L’Obélisque noir, d’Erich Maria Remarque

Paru en 1956, L’Obélisque noir se veut une rupture dans l’écriture d’Erich Maria Remarque. Un roman qui ne soit pas l’expression d’une époque mais d’un individu. Le reflet d’une expérience, la Première Guerre Mondiale, sur un jeune adulte, Ludwig Bodmer, à la recherche d’un sens à donner à sa vie miraculeusement préservée. Loin de la mort et de l’absurdité d’À l’Ouest rien de nouveau, comment continuer à vivre au milieu d’une inflation galopante où les Allemands sont à la fois pauvres et milliardaires ? L’argent brûle les mains, la réflexion brûle la vie. Avec philosophie et cynisme, Remarque nous plonge dans une tranche de vie initiatique, largement autobiographique.

Raconté à la première personne, L’Obélisque noir se déroule sur une année, 1923. Devenu enseignant après la guerre, Ludwig fuit bientôt l’école dont il ne supporte plus l’hypocrisie pour devenir salarié d’une petite entreprise de pompes funèbres. Un contexte qui se prête à un humour noir sans retenue, tant les morts sont prétexte à l’étalement des faiblesses des vivants. Seule lumière dans ce terne océan, Isabelle écoute Ludwig et répond à ses questions par des interrogations plus vastes encore, qui le poussent à considérer sa vie sous un autre angle. Isabelle, tour à tour éthérée, cruelle, fragile, libérée, schizophrène.

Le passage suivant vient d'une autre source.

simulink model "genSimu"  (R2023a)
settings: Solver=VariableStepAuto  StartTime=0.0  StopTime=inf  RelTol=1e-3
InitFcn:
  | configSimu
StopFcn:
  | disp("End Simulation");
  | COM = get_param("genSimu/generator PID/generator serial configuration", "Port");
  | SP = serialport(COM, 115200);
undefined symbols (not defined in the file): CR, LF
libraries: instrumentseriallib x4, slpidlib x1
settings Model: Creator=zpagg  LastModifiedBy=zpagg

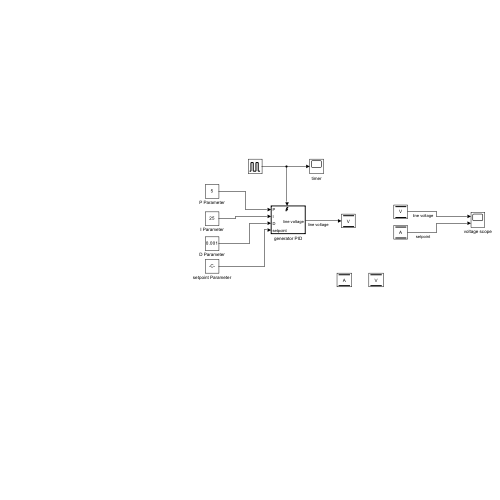
[thumbnail: Simulink's stored preview of the top-level diagram]
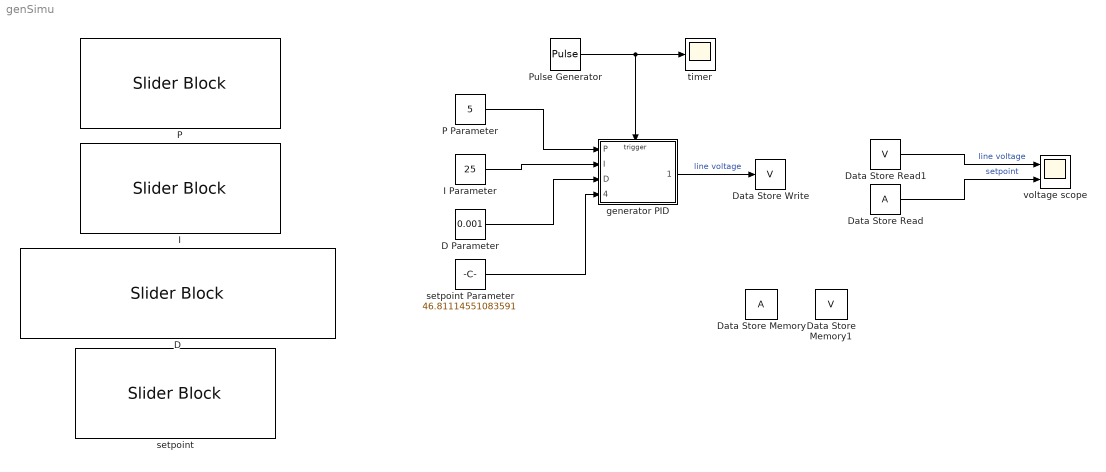
== system genSimu ==
  D : SliderBlock  ScaleMax=5
  D Parameter : Constant  Value=0.001  OutDataTypeStr=single
  Data Store Memory : DataStoreMemory  WriteAfterWriteMsg=warning  ShowAdditionalParam=off
  Data Store Memory1 : DataStoreMemory  DataStoreName=V  WriteAfterWriteMsg=warning  ShowAdditionalParam=off
  Data Store Read : DataStoreRead  IndexOptions=Index vector (dialog)  Indices=1  OutputSizes=1
  Data Store Read1 : DataStoreRead  DataStoreName=V  IndexOptions=Index vector (dialog)  Indices=1  OutputSizes=1
  Data Store Write : DataStoreWrite  DataStoreName=V  IndexOptions=Index vector (dialog)  Indices=1  OutputSizes=1
  I : SliderBlock
  I Parameter : Constant  Value=25  OutDataTypeStr=single
  P : SliderBlock  ScaleMax=50
  P Parameter : Constant  Value=5  OutDataTypeStr=single
  Pulse Generator : DiscretePulseGenerator  PulseType=Time based  Period=0.05  PulseWidth=50  PhaseDelay=1
  generator PID : Subsystem
  setpoint : SliderBlock  ScaleMax=180
  setpoint Parameter : Constant  Value=46.81114551083591
  timer : Scope
  voltage scope : Scope  NumInputPorts=2
  wires:
  Data Store Read/1 -> voltage scope/2  "setpoint"
  P Parameter/1 -> generator PID/1(P)
  I Parameter/1 -> generator PID/2(I)
  D Parameter/1 -> generator PID/3(D)
  Pulse Generator/1 -> timer/1, generator PID/Trigger
  Data Store Read1/1 -> voltage scope/1  "line voltage"
  generator PID/1(line voltage) -> Data Store Write/1  "line voltage"
  setpoint Parameter/1 -> generator PID/4(setpoint)

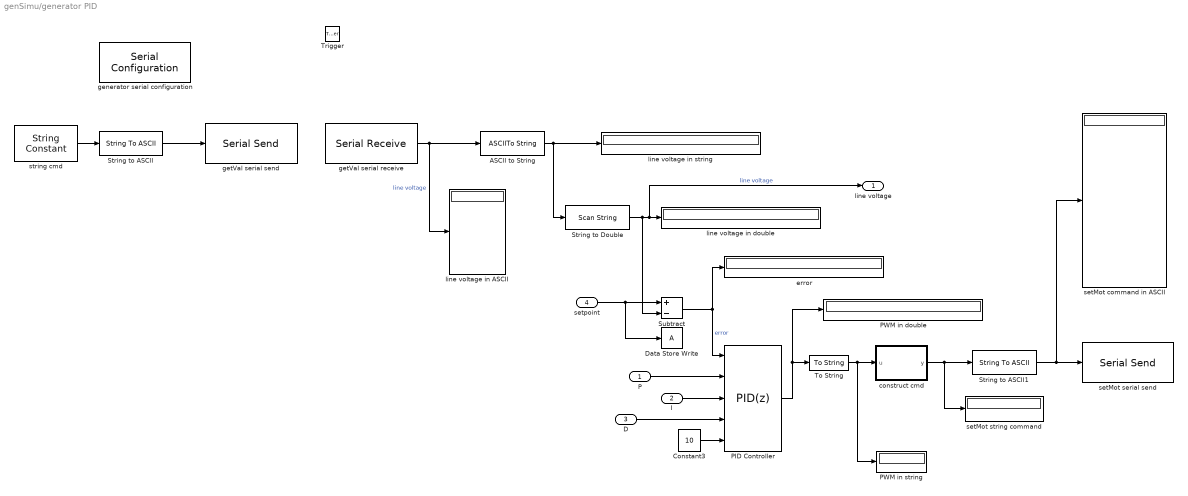
== system genSimu/generator PID ==
  P : Inport
  I : Inport  Port=2
  D : Inport  Port=3
  setpoint : Inport  Port=4
  Trigger : TriggerPort  VariantControl=(inherit)  PortDimensions=1
  ASCII to String : ASCIIToString
  Constant3 : Constant  Value=10  OutDataTypeStr=uint8
  Data Store Write : DataStoreWrite  IndexOptions=Index vector (dialog)  Indices=1  OutputSizes=1
  PID Controller : slpidlib/PID Controller  Controller=PID  Form=Parallel  TimeDomain=Discrete-time  UseExternalTs=off  SampleTime=-1  IntegratorMethod=Forward Euler  FilterMethod=Forward Euler  ControllerParametersSource=external  P=5  I=25  UseKiTs=off  D=0.001  N=10  UseFilter=on  TunerSelectOption=Transfer Function Based (PID Tuner App)  InitialConditionSource=internal  InitialConditionForIntegrator=0  InitialConditionForFilter=0  DifferentiatorICPrevScaledInput=0  ExternalReset=none  TrackingMode=off  Kt=1  LimitOutput=on  SatLimitsSource=internal  UpperSaturationLimit=255  LowerSaturationLimit=0  LinearizeAsGain=off  AntiWindupMode=clamping  Kb=1  LimitIntegrator=on  UpperIntegratorSaturationLimit=255  LowerIntegratorSaturationLimit=0  POutMin=[]  POutMax=[]  IOutMin=[]  IOutMax=[]  DOutMin=[]  DOutMax=[]  NOutMin=[]  NOutMax=[]  SumOutMin=[]  SumOutMax=[]  SaturationOutMin=[]  SaturationOutMax=[]  PParamMin=[]  PParamMax=[]  IParamMin=[]  IParamMax=[]  DParamMin=[]  DParamMax=[]  NParamMin=[]  NParamMax=[]  KbParamMin=[]  KbParamMax=[]  KtParamMin=[]  KtParamMax=[]  KbOutMin=[]  KbOutMax=[]  KtOutMin=[]  KtOutMax=[]  IntegratorOutMin=[]  IntegratorOutMax=[]  FilterOutMin=[]  FilterOutMax=[]  SumI1OutMin=[]  SumI1OutMax=[]  SumI2OutMin=[]  SumI2OutMax=[]  SumI3OutMin=[]  SumI3OutMax=[]  SumI4OutMin=[]  SumI4OutMax=[]  SumDOutMin=[]  SumDOutMax=[]  DifferentiatorOutMin=[]  DifferentiatorOutMax=[]  FilterDiffOutCoefMin=[]  FilterDiffOutCoefMax=[]  ReciprocalOutMin=[]  ReciprocalOutMax=[]  SumDenOutMin=[]  SumDenOutMax=[]  SumNumOutMin=[]  SumNumOutMax=[]  DivideOutMin=[]  DivideOutMax=[]  UdiffTsProdOutMin=[]  UdiffTsProdOutMax=[]  NTsProdOutMin=[]  NTsProdOutMax=[]  UintegralTsProdOutMin=[]  UintegralTsProdOutMax=[]  UngainTsProdOutMin=[]  UngainTsProdOutMax=[]  ClampingZeroOutDataTypeStr=Inherit: Inherit via back propagation  ClampingZeroOutMin=[]  ClampingZeroOutMax=[]  FilterDenConstantOutDataTypeStr=Inherit: Inherit via back propagation  FilterDenConstantOutMin=[]  FilterDenConstantOutMax=[]  PCopyOutDataTypeStr=Inherit: Inherit via back propagation  PCopyOutMin=[]  PCopyOutMax=[]  NCopyOutDataTypeStr=Inherit: Inherit via back propagation  NCopyOutMin=[]  NCopyOutMax=[]  IntegratorContinuousStateAttributes=''  IntegratorStateMustResolveToSignalObject=off  IntegratorRTWStateStorageClass=Auto  FilterContinuousStateAttributes=''  FilterStateMustResolveToSignalObject=off  FilterRTWStateStorageClass=Auto  ParallelPVariant=ExternalParameters  IdealPVariant=Disabled  IVariant=ExternalParameters  DVariant=ExternalParameters  IntegratorVariant=Discrete  SatVariant=Enabled  AWVariant=DiscClampingParallel  PCopyVariant=Disabled  TRVariant=Disabled  FdbkBlocksVariant=Forward  IdealPFdbkVariant=Disabled  SatFdbkVariant=Disabled  DerivativeFilterVariant=ForwardEulerFilter  NVariant=ExternalParameters  NCopyVariant=Disabled  FilterICVariant=InternalICsFilter  IntegratorICVariant=InternalICs  ExternalResetVariant=Disabled  TRSumVariant=Passthrough  SumFdbkVariant=Disabled  SumVariant=Sum_PID  TsampFilterVariant=InternalTs  TsampNgainVariant=Passthrough  TsampIntegralVariant=Disabled_SignalSpec  ExternalSaturationOutDataTypeStr=Inherit: Same as second input
  PWM in double : Display
  PWM in string : Display
  String to ASCII : StringToASCII
  String to ASCII1 : StringToASCII  OutputVectorSize=15
  String to Double : ScanString  Format="\"%lf\""
  Subtract : Sum  Inputs=+-
  To String : ToString
  construct cmd : MATLAB Function  TreatAsAtomicUnit=on
  error : Display
  generator serial configuration : instrumentseriallib/Serial Configuration  Priority=-200000  PortSel=COM23  Port=COM23  ComPort=COM23  BaudRate=115200  DataBits=8  Parity=none  StopBits=1  ByteOrder=little-endian  FlowControl=none  Timeout=2  SimulateUsing=Interpreted execution  BlockInModel=on  aMode=1
  getVal serial receive : instrumentseriallib/Serial Receive  Priority=1  PortSel=COM23  Port=COM23  ComPort=COM23  DataType=uint8  SaveDataType=uint8  ToggleHeader=off  Header=[]  DataSize=[1 6]  ToggleTerminator=on  Terminator=CR/LF ('\r\n')  CustomTerminator=[]  InputFormat=Column major  ToggleDataSize=on  EnableBlockingMode=on  ActionDataUnavailable=Output last received value  ActionWhenDataUnavailable=Output last received value  CustomValue=0  SampleTime=-1  SimulateUsing=Interpreted execution  BlockInModel=on  aMode=1
  getVal serial send : instrumentseriallib/Serial Send  Priority=1  PortSel=COM23  Port=COM23  ComPort=COM23  Header=[]  Terminator=LF ('\n')  CustomTerminator=[]  EnableBlockingMode=on  SimulateUsing=Interpreted execution  BlockInModel=on  aMode=1
  line voltage in ASCII : Display
  line voltage in double : Display
  line voltage in string : Display
  setMot command in ASCII : Display
  setMot serial send : instrumentseriallib/Serial Send  Priority=1  PortSel=COM23  Port=COM23  ComPort=COM23  Header=[]  Terminator=LF ('\n')  CustomTerminator=[]  EnableBlockingMode=on  SimulateUsing=Interpreted execution  BlockInModel=on  aMode=1
  setMot string command : Display
  string cmd : StringConstant  String="\"getVal\""
  line voltage : Outport
  wires:
  String to ASCII/1 -> getVal serial send/1
  string cmd/1 -> String to ASCII/1
  getVal serial receive/1 -> line voltage in ASCII/1, ASCII to String/1  "line voltage"
  ASCII to String/1 -> String to Double/1, line voltage in string/1
  String to Double/1 -> Subtract/2, line voltage/1, line voltage in double/1  "line voltage"
  Subtract/1 -> error/1, PID Controller/1  "error"
  PID Controller/1 -> PWM in double/1, To String/1
  To String/1 -> PWM in string/1, construct cmd/1(u)
  construct cmd/1(y) -> String to ASCII1/1, setMot string command/1
  String to ASCII1/1 -> setMot command in ASCII/1, setMot serial send/1
  P/1 -> PID Controller/2
  Constant3/1 -> PID Controller/5
  setpoint/1 -> Data Store Write/1, Subtract/1
  I/1 -> PID Controller/3
  D/1 -> PID Controller/4

== matlab function genSimu/generator PID/construct cmd ==
  data: u input; y output
function y = fcn(u)
y = "setMot" + newline + u;

Plus qu’une histoire, L’Obélisque noir dépeint la douloureuse entrée d’un homme dans l’âge adulte. À l’image de ce gigantesque et invendable obélisque de granit à l’entrée des pompes funèbres, la guerre creuse la vie de Ludwig, l’amarrant à un passé dont il ne parvient pas à se dépêtrer. Insouciance de façade, l’humour est aussi sa meilleure arme contre la bêtise et la souffrance qui ne cessent d’engendrer des conflits. Les chemins se tracent pourtant, sans que l’on s’en aperçoive, et il faut aller de l’avant, vendre enfin l’obélisque, faire ce grand saut dans l’inconnu qui, plutôt qu’un adieu, représente l’intériorisation d’une jeunesse immortelle, cachée au fond de soi à la manière d’Isabelle derrière Geneviève Terhoven.

Avez-vous lu L’Obélisque noir ? Qu’avez-vous pensé de ce roman ? J’ai trouvé étrange et plaisant cette narration lente, cette montée en puissance progressive vers une révélation finale qui, paradoxalement, est tempérée par le dernier chapitre, le regard de l’adulte sur le jeune homme de jadis, plaçant le roman sous le signe d’une certaine fatalité.